*** MATERIAL SUPPLIED

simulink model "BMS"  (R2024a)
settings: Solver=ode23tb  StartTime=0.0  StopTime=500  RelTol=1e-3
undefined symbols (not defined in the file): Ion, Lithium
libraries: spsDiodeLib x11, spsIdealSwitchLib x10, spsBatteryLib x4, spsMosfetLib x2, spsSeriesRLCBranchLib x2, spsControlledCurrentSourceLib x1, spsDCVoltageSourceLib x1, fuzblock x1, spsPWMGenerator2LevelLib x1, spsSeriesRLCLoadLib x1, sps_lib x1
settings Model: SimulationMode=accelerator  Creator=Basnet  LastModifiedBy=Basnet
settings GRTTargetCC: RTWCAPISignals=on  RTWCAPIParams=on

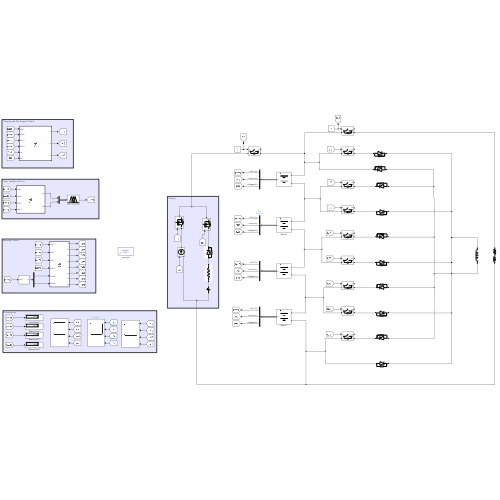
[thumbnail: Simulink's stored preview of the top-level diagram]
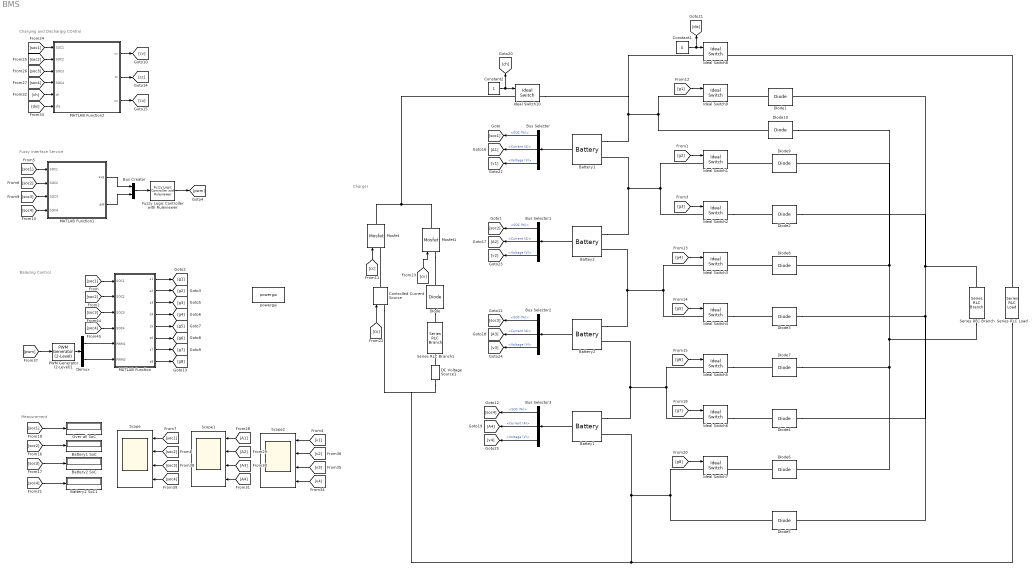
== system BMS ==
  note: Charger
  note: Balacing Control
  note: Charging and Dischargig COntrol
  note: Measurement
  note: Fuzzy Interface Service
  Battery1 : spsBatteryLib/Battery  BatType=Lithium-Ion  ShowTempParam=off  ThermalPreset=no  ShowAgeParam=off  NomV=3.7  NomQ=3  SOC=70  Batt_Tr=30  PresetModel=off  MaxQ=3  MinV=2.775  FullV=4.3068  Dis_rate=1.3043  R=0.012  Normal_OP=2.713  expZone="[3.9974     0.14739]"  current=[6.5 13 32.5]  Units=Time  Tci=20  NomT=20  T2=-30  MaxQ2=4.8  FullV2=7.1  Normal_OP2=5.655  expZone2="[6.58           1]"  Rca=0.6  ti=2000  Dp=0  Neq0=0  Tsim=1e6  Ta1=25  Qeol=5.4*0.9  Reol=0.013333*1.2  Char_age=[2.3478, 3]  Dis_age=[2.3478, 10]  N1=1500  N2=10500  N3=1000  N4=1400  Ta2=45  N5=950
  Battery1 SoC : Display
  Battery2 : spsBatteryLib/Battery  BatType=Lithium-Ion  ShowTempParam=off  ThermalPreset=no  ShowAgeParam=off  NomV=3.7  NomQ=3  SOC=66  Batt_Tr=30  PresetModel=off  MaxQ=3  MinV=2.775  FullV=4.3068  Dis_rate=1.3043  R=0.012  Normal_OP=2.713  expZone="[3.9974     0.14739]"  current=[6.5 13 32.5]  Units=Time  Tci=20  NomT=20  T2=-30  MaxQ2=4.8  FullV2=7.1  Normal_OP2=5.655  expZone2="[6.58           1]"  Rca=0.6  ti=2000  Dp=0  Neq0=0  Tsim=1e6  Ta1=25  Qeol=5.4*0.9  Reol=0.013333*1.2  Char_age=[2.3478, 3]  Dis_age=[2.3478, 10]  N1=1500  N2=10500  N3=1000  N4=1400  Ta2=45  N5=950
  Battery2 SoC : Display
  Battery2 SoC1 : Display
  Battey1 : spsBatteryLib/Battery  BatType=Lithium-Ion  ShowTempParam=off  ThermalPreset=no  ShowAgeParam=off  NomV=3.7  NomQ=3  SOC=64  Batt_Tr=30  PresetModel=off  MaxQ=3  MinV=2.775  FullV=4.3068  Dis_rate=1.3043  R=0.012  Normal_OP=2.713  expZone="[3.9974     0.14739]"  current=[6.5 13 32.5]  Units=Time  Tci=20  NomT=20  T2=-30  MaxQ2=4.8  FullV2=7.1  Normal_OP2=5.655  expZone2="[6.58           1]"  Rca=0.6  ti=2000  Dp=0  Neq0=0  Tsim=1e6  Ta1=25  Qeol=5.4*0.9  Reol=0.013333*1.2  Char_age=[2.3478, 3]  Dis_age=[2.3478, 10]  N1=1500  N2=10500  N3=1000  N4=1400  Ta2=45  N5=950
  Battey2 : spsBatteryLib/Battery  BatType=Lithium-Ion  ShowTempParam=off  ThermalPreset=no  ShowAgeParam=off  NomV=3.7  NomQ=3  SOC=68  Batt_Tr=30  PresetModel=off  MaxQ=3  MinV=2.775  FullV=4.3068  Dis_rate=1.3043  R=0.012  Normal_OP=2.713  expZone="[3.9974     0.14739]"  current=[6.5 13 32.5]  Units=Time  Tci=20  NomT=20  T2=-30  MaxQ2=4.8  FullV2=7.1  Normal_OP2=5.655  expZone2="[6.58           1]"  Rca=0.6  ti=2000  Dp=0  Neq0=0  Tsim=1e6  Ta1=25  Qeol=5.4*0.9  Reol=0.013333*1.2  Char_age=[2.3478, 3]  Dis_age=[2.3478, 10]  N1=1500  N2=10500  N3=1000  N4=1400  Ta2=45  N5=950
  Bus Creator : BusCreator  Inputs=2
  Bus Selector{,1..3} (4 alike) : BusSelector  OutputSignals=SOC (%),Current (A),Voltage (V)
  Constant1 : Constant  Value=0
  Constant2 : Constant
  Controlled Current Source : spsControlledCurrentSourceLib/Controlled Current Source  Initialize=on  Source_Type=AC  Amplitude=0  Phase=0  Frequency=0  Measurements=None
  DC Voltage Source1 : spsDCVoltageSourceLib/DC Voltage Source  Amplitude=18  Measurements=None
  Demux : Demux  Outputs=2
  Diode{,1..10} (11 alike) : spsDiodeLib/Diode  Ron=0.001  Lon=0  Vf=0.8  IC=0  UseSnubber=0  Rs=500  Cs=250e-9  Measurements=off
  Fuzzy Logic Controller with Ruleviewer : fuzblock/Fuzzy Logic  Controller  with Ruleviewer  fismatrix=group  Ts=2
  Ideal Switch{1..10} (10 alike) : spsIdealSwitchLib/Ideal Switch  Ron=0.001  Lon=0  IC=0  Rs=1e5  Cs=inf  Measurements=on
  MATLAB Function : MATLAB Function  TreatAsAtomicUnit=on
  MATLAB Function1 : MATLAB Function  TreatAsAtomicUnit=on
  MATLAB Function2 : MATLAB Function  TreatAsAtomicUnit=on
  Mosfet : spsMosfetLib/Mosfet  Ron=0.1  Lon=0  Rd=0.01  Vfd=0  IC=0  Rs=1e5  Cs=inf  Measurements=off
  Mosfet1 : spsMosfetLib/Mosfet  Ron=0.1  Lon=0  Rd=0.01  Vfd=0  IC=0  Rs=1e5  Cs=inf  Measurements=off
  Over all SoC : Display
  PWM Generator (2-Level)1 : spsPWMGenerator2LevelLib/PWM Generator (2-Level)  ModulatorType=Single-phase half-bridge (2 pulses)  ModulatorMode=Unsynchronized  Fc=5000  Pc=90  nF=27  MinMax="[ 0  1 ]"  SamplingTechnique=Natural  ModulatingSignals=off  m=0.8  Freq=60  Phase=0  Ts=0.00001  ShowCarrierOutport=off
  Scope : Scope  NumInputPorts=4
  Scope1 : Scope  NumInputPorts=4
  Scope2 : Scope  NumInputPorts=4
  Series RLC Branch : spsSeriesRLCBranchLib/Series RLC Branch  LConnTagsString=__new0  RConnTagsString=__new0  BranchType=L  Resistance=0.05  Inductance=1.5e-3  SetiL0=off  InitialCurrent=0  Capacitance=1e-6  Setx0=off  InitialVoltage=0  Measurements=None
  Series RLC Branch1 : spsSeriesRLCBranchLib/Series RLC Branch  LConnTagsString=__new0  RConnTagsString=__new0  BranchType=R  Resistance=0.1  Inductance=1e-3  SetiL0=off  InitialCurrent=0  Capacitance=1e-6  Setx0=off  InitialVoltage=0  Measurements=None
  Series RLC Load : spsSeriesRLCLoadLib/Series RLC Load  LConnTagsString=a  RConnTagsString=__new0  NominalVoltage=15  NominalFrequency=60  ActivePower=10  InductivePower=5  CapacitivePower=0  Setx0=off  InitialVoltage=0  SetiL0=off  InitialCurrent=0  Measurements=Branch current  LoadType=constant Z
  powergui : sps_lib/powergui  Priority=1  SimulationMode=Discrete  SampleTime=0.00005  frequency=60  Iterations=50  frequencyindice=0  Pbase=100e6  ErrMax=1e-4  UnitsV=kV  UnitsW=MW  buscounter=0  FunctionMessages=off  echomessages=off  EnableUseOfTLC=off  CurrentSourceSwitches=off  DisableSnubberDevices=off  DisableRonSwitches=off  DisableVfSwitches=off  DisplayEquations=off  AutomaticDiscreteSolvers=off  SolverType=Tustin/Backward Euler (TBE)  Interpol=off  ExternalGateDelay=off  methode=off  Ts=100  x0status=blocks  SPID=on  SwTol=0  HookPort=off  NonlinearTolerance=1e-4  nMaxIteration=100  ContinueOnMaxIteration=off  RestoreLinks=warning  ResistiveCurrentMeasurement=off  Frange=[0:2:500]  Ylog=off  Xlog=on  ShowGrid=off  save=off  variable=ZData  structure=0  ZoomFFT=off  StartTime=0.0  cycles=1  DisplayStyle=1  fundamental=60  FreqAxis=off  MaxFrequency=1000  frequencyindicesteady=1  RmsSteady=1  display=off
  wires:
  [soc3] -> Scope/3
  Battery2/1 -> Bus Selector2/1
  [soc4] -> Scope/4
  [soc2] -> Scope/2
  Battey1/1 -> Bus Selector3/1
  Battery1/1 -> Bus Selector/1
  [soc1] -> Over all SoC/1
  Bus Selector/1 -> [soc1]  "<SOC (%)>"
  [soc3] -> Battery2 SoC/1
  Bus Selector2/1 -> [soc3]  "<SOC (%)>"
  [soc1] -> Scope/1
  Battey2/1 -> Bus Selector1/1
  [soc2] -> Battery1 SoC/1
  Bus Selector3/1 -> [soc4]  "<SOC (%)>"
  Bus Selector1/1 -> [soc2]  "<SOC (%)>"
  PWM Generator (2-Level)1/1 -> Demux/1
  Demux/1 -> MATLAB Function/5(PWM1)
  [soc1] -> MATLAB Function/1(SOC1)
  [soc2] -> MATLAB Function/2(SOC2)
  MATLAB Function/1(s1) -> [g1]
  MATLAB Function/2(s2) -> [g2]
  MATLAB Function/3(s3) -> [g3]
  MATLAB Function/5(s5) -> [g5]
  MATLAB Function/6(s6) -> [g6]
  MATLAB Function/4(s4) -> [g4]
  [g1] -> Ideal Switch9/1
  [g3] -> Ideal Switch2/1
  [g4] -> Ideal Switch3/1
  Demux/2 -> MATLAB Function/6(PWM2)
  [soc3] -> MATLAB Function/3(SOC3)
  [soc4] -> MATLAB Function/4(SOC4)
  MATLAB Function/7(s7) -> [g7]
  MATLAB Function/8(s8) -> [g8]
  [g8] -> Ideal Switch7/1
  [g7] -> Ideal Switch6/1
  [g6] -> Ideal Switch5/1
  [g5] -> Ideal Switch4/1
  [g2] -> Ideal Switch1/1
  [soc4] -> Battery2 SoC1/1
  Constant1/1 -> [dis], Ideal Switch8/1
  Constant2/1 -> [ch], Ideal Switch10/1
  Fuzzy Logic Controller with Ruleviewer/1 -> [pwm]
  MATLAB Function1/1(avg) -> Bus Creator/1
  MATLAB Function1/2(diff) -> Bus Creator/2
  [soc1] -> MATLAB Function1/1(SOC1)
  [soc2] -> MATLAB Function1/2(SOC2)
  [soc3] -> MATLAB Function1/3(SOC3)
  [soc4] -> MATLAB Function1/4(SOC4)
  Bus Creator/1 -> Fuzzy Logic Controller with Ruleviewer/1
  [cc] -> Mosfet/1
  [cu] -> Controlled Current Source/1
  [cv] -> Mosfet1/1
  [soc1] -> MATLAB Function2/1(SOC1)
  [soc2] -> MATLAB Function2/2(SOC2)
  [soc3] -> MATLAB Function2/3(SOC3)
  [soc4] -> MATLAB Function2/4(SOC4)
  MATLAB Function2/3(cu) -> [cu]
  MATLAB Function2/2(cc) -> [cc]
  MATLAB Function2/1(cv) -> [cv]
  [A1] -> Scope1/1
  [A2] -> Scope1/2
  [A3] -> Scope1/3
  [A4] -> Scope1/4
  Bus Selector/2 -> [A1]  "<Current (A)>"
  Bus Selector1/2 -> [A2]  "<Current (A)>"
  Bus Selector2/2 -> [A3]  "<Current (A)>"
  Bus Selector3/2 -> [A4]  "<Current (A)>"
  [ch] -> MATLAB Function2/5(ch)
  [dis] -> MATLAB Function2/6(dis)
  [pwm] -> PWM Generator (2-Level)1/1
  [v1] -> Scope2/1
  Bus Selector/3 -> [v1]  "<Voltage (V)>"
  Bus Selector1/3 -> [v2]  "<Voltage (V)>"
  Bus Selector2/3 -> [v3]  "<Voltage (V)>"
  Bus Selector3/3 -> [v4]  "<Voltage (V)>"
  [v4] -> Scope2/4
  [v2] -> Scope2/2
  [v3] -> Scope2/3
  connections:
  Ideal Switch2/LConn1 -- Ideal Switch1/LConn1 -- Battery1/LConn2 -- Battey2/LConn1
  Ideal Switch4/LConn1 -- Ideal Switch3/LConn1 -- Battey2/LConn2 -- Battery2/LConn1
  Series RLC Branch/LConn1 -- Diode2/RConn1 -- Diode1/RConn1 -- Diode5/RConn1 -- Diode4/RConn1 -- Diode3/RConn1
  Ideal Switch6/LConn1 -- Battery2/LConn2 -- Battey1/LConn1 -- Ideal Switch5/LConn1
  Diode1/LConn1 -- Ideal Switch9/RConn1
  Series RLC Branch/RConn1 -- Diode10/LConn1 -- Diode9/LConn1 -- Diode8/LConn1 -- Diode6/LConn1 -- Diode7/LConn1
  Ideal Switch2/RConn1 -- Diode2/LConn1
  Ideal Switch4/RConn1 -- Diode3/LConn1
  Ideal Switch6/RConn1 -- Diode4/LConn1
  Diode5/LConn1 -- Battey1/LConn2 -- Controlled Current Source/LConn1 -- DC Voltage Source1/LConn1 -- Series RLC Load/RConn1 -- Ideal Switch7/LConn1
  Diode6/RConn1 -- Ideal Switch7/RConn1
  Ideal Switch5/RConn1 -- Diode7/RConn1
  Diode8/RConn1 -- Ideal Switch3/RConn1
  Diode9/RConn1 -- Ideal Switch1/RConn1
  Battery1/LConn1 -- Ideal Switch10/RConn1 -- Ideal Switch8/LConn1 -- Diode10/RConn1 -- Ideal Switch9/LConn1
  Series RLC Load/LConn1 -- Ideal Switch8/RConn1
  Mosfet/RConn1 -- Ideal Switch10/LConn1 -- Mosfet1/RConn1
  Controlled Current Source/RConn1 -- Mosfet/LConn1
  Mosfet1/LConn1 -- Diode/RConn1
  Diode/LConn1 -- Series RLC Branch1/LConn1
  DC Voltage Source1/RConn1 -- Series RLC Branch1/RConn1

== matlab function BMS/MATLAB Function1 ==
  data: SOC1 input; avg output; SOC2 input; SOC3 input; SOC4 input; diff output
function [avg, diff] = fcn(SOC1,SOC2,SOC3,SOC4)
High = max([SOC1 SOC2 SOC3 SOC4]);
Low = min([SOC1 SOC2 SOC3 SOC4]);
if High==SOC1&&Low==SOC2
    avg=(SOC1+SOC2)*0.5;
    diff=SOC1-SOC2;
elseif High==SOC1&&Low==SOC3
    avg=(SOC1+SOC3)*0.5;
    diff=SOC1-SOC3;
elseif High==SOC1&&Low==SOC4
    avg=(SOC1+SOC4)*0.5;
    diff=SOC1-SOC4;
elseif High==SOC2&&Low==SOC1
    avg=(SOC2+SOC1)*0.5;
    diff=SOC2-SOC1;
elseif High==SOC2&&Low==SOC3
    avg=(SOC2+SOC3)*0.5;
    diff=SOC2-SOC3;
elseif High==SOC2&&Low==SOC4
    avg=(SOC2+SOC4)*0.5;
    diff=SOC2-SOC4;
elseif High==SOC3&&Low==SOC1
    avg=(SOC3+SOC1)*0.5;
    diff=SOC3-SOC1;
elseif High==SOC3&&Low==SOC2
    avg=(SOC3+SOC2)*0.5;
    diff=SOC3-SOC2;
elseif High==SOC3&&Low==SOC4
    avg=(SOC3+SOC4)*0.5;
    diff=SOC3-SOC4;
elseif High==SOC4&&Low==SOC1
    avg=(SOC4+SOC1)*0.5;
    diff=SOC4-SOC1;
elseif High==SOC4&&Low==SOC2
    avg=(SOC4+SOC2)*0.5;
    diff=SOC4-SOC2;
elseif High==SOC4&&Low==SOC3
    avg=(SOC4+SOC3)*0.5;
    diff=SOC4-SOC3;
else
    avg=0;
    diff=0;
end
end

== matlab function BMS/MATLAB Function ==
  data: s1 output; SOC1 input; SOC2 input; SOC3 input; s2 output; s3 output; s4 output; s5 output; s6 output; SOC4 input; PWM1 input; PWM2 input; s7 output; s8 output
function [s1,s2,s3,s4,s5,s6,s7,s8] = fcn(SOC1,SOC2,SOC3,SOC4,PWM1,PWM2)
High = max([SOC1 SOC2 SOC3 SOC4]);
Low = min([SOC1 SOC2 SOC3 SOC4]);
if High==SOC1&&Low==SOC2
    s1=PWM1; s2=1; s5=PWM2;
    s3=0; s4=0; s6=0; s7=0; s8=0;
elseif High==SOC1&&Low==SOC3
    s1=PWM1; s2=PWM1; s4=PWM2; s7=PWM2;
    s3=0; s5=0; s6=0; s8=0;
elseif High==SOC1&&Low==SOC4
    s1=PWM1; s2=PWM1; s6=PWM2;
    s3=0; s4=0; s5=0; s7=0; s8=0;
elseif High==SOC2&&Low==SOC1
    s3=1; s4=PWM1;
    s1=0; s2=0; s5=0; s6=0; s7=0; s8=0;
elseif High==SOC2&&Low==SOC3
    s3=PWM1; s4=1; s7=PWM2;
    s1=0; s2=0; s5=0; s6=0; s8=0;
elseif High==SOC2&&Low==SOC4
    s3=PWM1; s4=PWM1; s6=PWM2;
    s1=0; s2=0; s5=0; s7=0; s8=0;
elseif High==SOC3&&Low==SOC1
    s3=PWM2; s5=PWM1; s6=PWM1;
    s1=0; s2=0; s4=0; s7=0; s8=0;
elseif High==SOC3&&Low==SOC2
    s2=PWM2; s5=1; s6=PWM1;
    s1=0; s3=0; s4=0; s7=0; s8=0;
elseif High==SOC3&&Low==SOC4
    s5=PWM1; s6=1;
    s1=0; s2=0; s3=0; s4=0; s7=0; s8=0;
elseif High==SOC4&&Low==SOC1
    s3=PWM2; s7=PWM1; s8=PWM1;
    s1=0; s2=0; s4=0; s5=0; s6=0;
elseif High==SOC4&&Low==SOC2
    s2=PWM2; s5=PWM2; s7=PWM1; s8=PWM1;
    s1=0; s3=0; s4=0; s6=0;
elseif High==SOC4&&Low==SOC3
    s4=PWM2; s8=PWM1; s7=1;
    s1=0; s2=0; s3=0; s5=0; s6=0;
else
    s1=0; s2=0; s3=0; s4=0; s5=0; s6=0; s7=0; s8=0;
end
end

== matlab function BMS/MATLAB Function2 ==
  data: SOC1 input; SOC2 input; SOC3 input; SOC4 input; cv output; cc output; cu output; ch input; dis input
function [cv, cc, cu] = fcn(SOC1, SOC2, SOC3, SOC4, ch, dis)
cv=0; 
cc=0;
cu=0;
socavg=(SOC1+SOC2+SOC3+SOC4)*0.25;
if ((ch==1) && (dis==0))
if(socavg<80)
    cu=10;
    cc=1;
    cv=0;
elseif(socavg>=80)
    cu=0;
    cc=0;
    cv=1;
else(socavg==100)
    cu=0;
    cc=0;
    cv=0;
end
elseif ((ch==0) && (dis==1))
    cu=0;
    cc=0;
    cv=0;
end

******

Set down, exactly as they appear above, all lines from the one that has "note: Measurement" down to the one that has "Battery1 SoC : Display", including those two and no others.

  note: Measurement
  note: Fuzzy Interface Service
  Battery1 : spsBatteryLib/Battery  BatType=Lithium-Ion  ShowTempParam=off  ThermalPreset=no  ShowAgeParam=off  NomV=3.7  NomQ=3  SOC=70  Batt_Tr=30  PresetModel=off  MaxQ=3  MinV=2.775  FullV=4.3068  Dis_rate=1.3043  R=0.012  Normal_OP=2.713  expZone="[3.9974     0.14739]"  current=[6.5 13 32.5]  Units=Time  Tci=20  NomT=20  T2=-30  MaxQ2=4.8  FullV2=7.1  Normal_OP2=5.655  expZone2="[6.58           1]"  Rca=0.6  ti=2000  Dp=0  Neq0=0  Tsim=1e6  Ta1=25  Qeol=5.4*0.9  Reol=0.013333*1.2  Char_age=[2.3478, 3]  Dis_age=[2.3478, 10]  N1=1500  N2=10500  N3=1000  N4=1400  Ta2=45  N5=950
  Battery1 SoC : Display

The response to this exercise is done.